Em março de 2020, em um momento de grandes desafios causados pelo Covid-19, a Memória da Eletricidade lançou #MemóriaDaPandemia, uma série de lives nos seus canais oficiais no Instagram, Facebook e YouTube. O projeto atende à demanda por informações seguras e debates qualificados nas áreas de Saúde, Arte & Cultura e Gestão & Liderança. Com curadoria e apresentação do professor Igor Sacramento, doutor em Comunicação e Cultura pela UFRJ e pesquisador em Saúde Pública pela Fiocruz. Os episódios de #MemóriaDaPandemia são transmitidos todas as segundas, quartas e sextas-feiras, às 10h.

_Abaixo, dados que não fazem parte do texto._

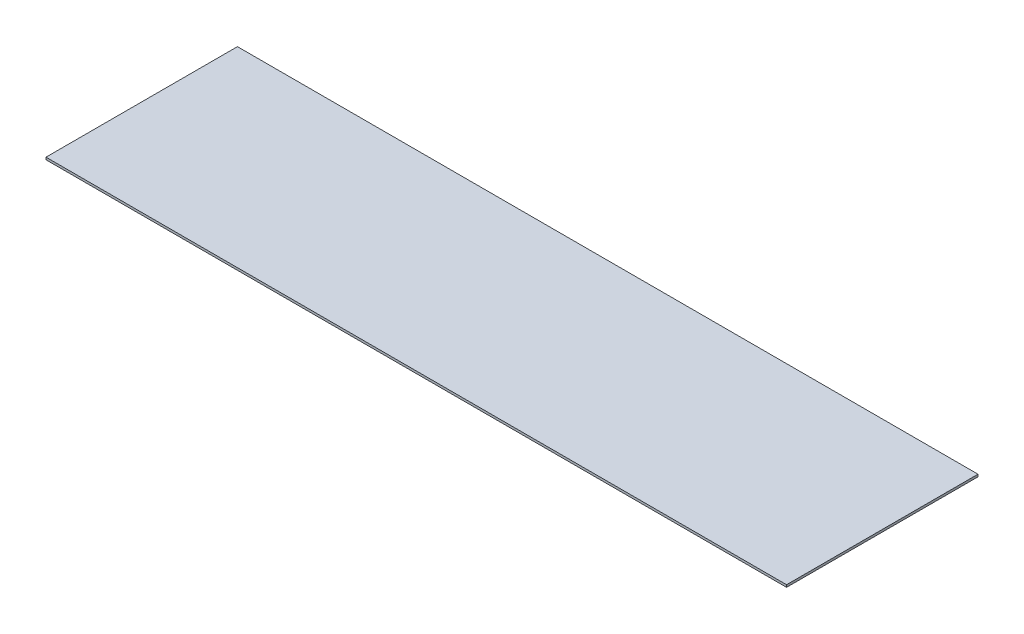
ISO-10303-21;
HEADER;
FILE_DESCRIPTION(('STEP AP214'),'2;1');
FILE_NAME('part.step','',(''),(''),'','','');
FILE_SCHEMA(('AUTOMOTIVE_DESIGN { 1 0 10303 214 1 1 1 1 }'));
ENDSEC;
DATA;
#1=APPLICATION_CONTEXT('core data for automotive mechanical design processes');
#2=APPLICATION_PROTOCOL_DEFINITION('international standard','automotive_design',2000,#1);
#3=PRODUCT_CONTEXT('',#1,'mechanical');
#4=PRODUCT('Part','Part','',(#3));
#5=PRODUCT_RELATED_PRODUCT_CATEGORY('part','',(#4));
#6=PRODUCT_DEFINITION_FORMATION('','',#4);
#7=PRODUCT_DEFINITION_CONTEXT('part definition',#1,'design');
#8=PRODUCT_DEFINITION('design','',#6,#7);
#9=PRODUCT_DEFINITION_SHAPE('','',#8);
#10=(LENGTH_UNIT() NAMED_UNIT(*) SI_UNIT(.MILLI.,.METRE.));
#11=(NAMED_UNIT(*) PLANE_ANGLE_UNIT() SI_UNIT($,.RADIAN.));
#12=(NAMED_UNIT(*) SI_UNIT($,.STERADIAN.) SOLID_ANGLE_UNIT());
#13=UNCERTAINTY_MEASURE_WITH_UNIT(LENGTH_MEASURE(1.E-05),#10,'distance_accuracy_value','');
#14=(GEOMETRIC_REPRESENTATION_CONTEXT(3) GLOBAL_UNCERTAINTY_ASSIGNED_CONTEXT((#13)) GLOBAL_UNIT_ASSIGNED_CONTEXT((#10,
#11,#12)) REPRESENTATION_CONTEXT('',''));
#15=CARTESIAN_POINT('',(0.,0.,0.));
#16=DIRECTION('',(0.,0.,1.));
#17=DIRECTION('',(1.,0.,0.));
#18=AXIS2_PLACEMENT_3D('',#15,#16,#17);
#19=CARTESIAN_POINT('',(510.9718,-10.8202226530762,112.934782157653));
#20=DIRECTION('',(0.,0.,-1.));
#21=DIRECTION('',(-1.,0.,0.));
#22=AXIS2_PLACEMENT_3D('',#19,#20,#21);
#23=PLANE('',#22);
#24=DIRECTION('',(0.,-1.,0.));
#25=VECTOR('',#24,1.);
#26=CARTESIAN_POINT('',(0.,-10.8202226530762,112.934782157653));
#27=LINE('',#26,#25);
#28=CARTESIAN_POINT('',(0.,-10.8202226530762,112.934782157653));
#29=VERTEX_POINT('',#28);
#30=CARTESIAN_POINT('',(0.,-12.4077226530762,112.934782157653));
#31=VERTEX_POINT('',#30);
#32=EDGE_CURVE('E102',#29,#31,#27,.T.);
#33=ORIENTED_EDGE('',*,*,#32,.T.);
#34=DIRECTION('',(-1.,0.,0.));
#35=VECTOR('',#34,1.);
#36=CARTESIAN_POINT('',(510.9718,-12.4077226530762,112.934782157653));
#37=LINE('',#36,#35);
#38=CARTESIAN_POINT('',(510.9718,-12.4077226530762,112.934782157653));
#39=VERTEX_POINT('',#38);
#40=EDGE_CURVE('E11',#39,#31,#37,.T.);
#41=ORIENTED_EDGE('',*,*,#40,.F.);
#42=DIRECTION('',(0.,-1.,0.));
#43=VECTOR('',#42,1.);
#44=CARTESIAN_POINT('',(510.9718,-10.8202226530762,112.934782157653));
#45=LINE('',#44,#43);
#46=CARTESIAN_POINT('',(510.9718,-10.8202226530762,112.934782157653));
#47=VERTEX_POINT('',#46);
#48=EDGE_CURVE('E90',#47,#39,#45,.T.);
#49=ORIENTED_EDGE('',*,*,#48,.F.);
#50=DIRECTION('',(-1.,0.,0.));
#51=VECTOR('',#50,1.);
#52=CARTESIAN_POINT('',(510.9718,-10.8202226530762,112.934782157653));
#53=LINE('',#52,#51);
#54=EDGE_CURVE('E98',#47,#29,#53,.T.);
#55=ORIENTED_EDGE('',*,*,#54,.T.);
#56=EDGE_LOOP('',(#33,#41,#49,#55));
#57=FACE_BOUND('',#56,.T.);
#58=ADVANCED_FACE('F39',(#57),#23,.F.);
#59=CARTESIAN_POINT('',(510.9718,-12.4077226530762,112.934782157653));
#60=DIRECTION('',(0.,1.,0.));
#61=DIRECTION('',(0.,0.,1.));
#62=AXIS2_PLACEMENT_3D('',#59,#60,#61);
#63=PLANE('',#62);
#64=DIRECTION('',(0.,0.,-1.));
#65=VECTOR('',#64,1.);
#66=CARTESIAN_POINT('',(0.,-12.4077226530762,112.934782157653));
#67=LINE('',#66,#65);
#68=CARTESIAN_POINT('',(0.,-12.4077226530762,-19.1452178423468));
#69=VERTEX_POINT('',#68);
#70=EDGE_CURVE('E94',#31,#69,#67,.T.);
#71=ORIENTED_EDGE('',*,*,#70,.T.);
#72=DIRECTION('',(-1.,0.,0.));
#73=VECTOR('',#72,1.);
#74=CARTESIAN_POINT('',(510.9718,-12.4077226530762,-19.1452178423468));
#75=LINE('',#74,#73);
#76=CARTESIAN_POINT('',(510.9718,-12.4077226530762,-19.1452178423468));
#77=VERTEX_POINT('',#76);
#78=EDGE_CURVE('E47',#77,#69,#75,.T.);
#79=ORIENTED_EDGE('',*,*,#78,.F.);
#80=DIRECTION('',(0.,0.,-1.));
#81=VECTOR('',#80,1.);
#82=CARTESIAN_POINT('',(510.9718,-12.4077226530762,112.934782157653));
#83=LINE('',#82,#81);
#84=EDGE_CURVE('E85',#39,#77,#83,.T.);
#85=ORIENTED_EDGE('',*,*,#84,.F.);
#86=ORIENTED_EDGE('',*,*,#40,.T.);
#87=EDGE_LOOP('',(#71,#79,#85,#86));
#88=FACE_BOUND('',#87,.T.);
#89=ADVANCED_FACE('F93',(#88),#63,.F.);
#90=CARTESIAN_POINT('',(510.9718,-10.8202226530762,-19.1452178423468));
#91=DIRECTION('',(0.,0.,1.));
#92=DIRECTION('',(0.,-1.,0.));
#93=AXIS2_PLACEMENT_3D('',#90,#91,#92);
#94=PLANE('',#93);
#95=DIRECTION('',(0.,1.,0.));
#96=VECTOR('',#95,1.);
#97=CARTESIAN_POINT('',(0.,-10.8202226530762,-19.1452178423468));
#98=LINE('',#97,#96);
#99=CARTESIAN_POINT('',(0.,-10.8202226530762,-19.1452178423468));
#100=VERTEX_POINT('',#99);
#101=EDGE_CURVE('E72',#69,#100,#98,.T.);
#102=ORIENTED_EDGE('',*,*,#101,.T.);
#103=DIRECTION('',(-1.,0.,0.));
#104=VECTOR('',#103,1.);
#105=CARTESIAN_POINT('',(510.9718,-10.8202226530762,-19.1452178423468));
#106=LINE('',#105,#104);
#107=CARTESIAN_POINT('',(510.9718,-10.8202226530762,-19.1452178423468));
#108=VERTEX_POINT('',#107);
#109=EDGE_CURVE('E95',#108,#100,#106,.T.);
#110=ORIENTED_EDGE('',*,*,#109,.F.);
#111=DIRECTION('',(0.,1.,0.));
#112=VECTOR('',#111,1.);
#113=CARTESIAN_POINT('',(510.9718,-10.8202226530762,-19.1452178423468));
#114=LINE('',#113,#112);
#115=EDGE_CURVE('E88',#77,#108,#114,.T.);
#116=ORIENTED_EDGE('',*,*,#115,.F.);
#117=ORIENTED_EDGE('',*,*,#78,.T.);
#118=EDGE_LOOP('',(#102,#110,#116,#117));
#119=FACE_BOUND('',#118,.T.);
#120=ADVANCED_FACE('F96',(#119),#94,.F.);
#121=CARTESIAN_POINT('',(510.9718,-10.8202226530762,112.934782157653));
#122=DIRECTION('',(0.,-1.,0.));
#123=DIRECTION('',(0.,0.,-1.));
#124=AXIS2_PLACEMENT_3D('',#121,#122,#123);
#125=PLANE('',#124);
#126=DIRECTION('',(0.,0.,1.));
#127=VECTOR('',#126,1.);
#128=CARTESIAN_POINT('',(0.,-10.8202226530762,112.934782157653));
#129=LINE('',#128,#127);
#130=EDGE_CURVE('E78',#100,#29,#129,.T.);
#131=ORIENTED_EDGE('',*,*,#130,.T.);
#132=ORIENTED_EDGE('',*,*,#54,.F.);
#133=DIRECTION('',(0.,0.,1.));
#134=VECTOR('',#133,1.);
#135=CARTESIAN_POINT('',(510.9718,-10.8202226530762,112.934782157653));
#136=LINE('',#135,#134);
#137=EDGE_CURVE('E55',#108,#47,#136,.T.);
#138=ORIENTED_EDGE('',*,*,#137,.F.);
#139=ORIENTED_EDGE('',*,*,#109,.T.);
#140=EDGE_LOOP('',(#131,#132,#138,#139));
#141=FACE_BOUND('',#140,.T.);
#142=ADVANCED_FACE('F109',(#141),#125,.F.);
#143=CARTESIAN_POINT('',(510.9718,0.,0.));
#144=DIRECTION('',(1.,0.,0.));
#145=DIRECTION('',(0.,0.,-1.));
#146=AXIS2_PLACEMENT_3D('',#143,#144,#145);
#147=PLANE('',#146);
#148=ORIENTED_EDGE('',*,*,#48,.T.);
#149=ORIENTED_EDGE('',*,*,#84,.T.);
#150=ORIENTED_EDGE('',*,*,#115,.T.);
#151=ORIENTED_EDGE('',*,*,#137,.T.);
#152=EDGE_LOOP('',(#148,#149,#150,#151));
#153=FACE_BOUND('',#152,.T.);
#154=ADVANCED_FACE('F86',(#153),#147,.T.);
#155=CARTESIAN_POINT('',(0.,0.,0.));
#156=DIRECTION('',(1.,0.,0.));
#157=DIRECTION('',(0.,0.,-1.));
#158=AXIS2_PLACEMENT_3D('',#155,#156,#157);
#159=PLANE('',#158);
#160=ORIENTED_EDGE('',*,*,#32,.F.);
#161=ORIENTED_EDGE('',*,*,#130,.F.);
#162=ORIENTED_EDGE('',*,*,#101,.F.);
#163=ORIENTED_EDGE('',*,*,#70,.F.);
#164=EDGE_LOOP('',(#160,#161,#162,#163));
#165=FACE_BOUND('',#164,.T.);
#166=ADVANCED_FACE('F112',(#165),#159,.F.);
#167=CLOSED_SHELL('',(#58,#89,#120,#142,#154,#166));
#168=MANIFOLD_SOLID_BREP('B2',#167);
#169=ADVANCED_BREP_SHAPE_REPRESENTATION('',(#18,#168),#14);
#170=SHAPE_DEFINITION_REPRESENTATION(#9,#169);
ENDSEC;
END-ISO-10303-21;

Como historiadores da ciência e da medicina há muito apontam, mesmo as metodologias mais básicas que sustentam a pesquisa científica – observação, confiança nos números, uso de modelos e até o próprio método experimental – têm uma história. Eles não devem ser tomados como dados, mas entendidos como processos, ou mesmo estratégias, que foram negociados, argumentados a favor e contra e desenvolvidos dentro de contextos históricos e esquemas explicativos particulares. Saber a história de algo - seja de números, narrativas ou doenças - nos permite ver uma gama mais ampla de trajetórias à nossa disposição. Essas histórias variadas também nos lembram que estamos atualmente em meio a um drama caótico de incertezas, dentro de nossa própria narrativa instável e em desenvolvimento. Uma abordagem óbvia é aproveitar nosso conhecimento da história das epidemias e proclamar as lições da história. Mas a história oferece lições claras? Para tornar sua experiência relevante, alguns historiadores afirmam que existem padrões duradouros em como as sociedades respondem a todas as epidemias que podem informar nossas experiências hoje. Para Marialva Barbosa, historiadora e primeira entrevistada de nossas lives sobre a Covid-19, pandemias como a de Influenza de 1918 e de Covid-19 (2020-21) são reveladoras da manutenção duradoura e persistentes de desigualdades sociais profundas no Brasil e a necessidade de maior vontade política na garantia de acesso à saúde pública universal e de qualidade. O maior número de mortes coincide com as populações mais pobres, lá e aqui, replicando desigualdades.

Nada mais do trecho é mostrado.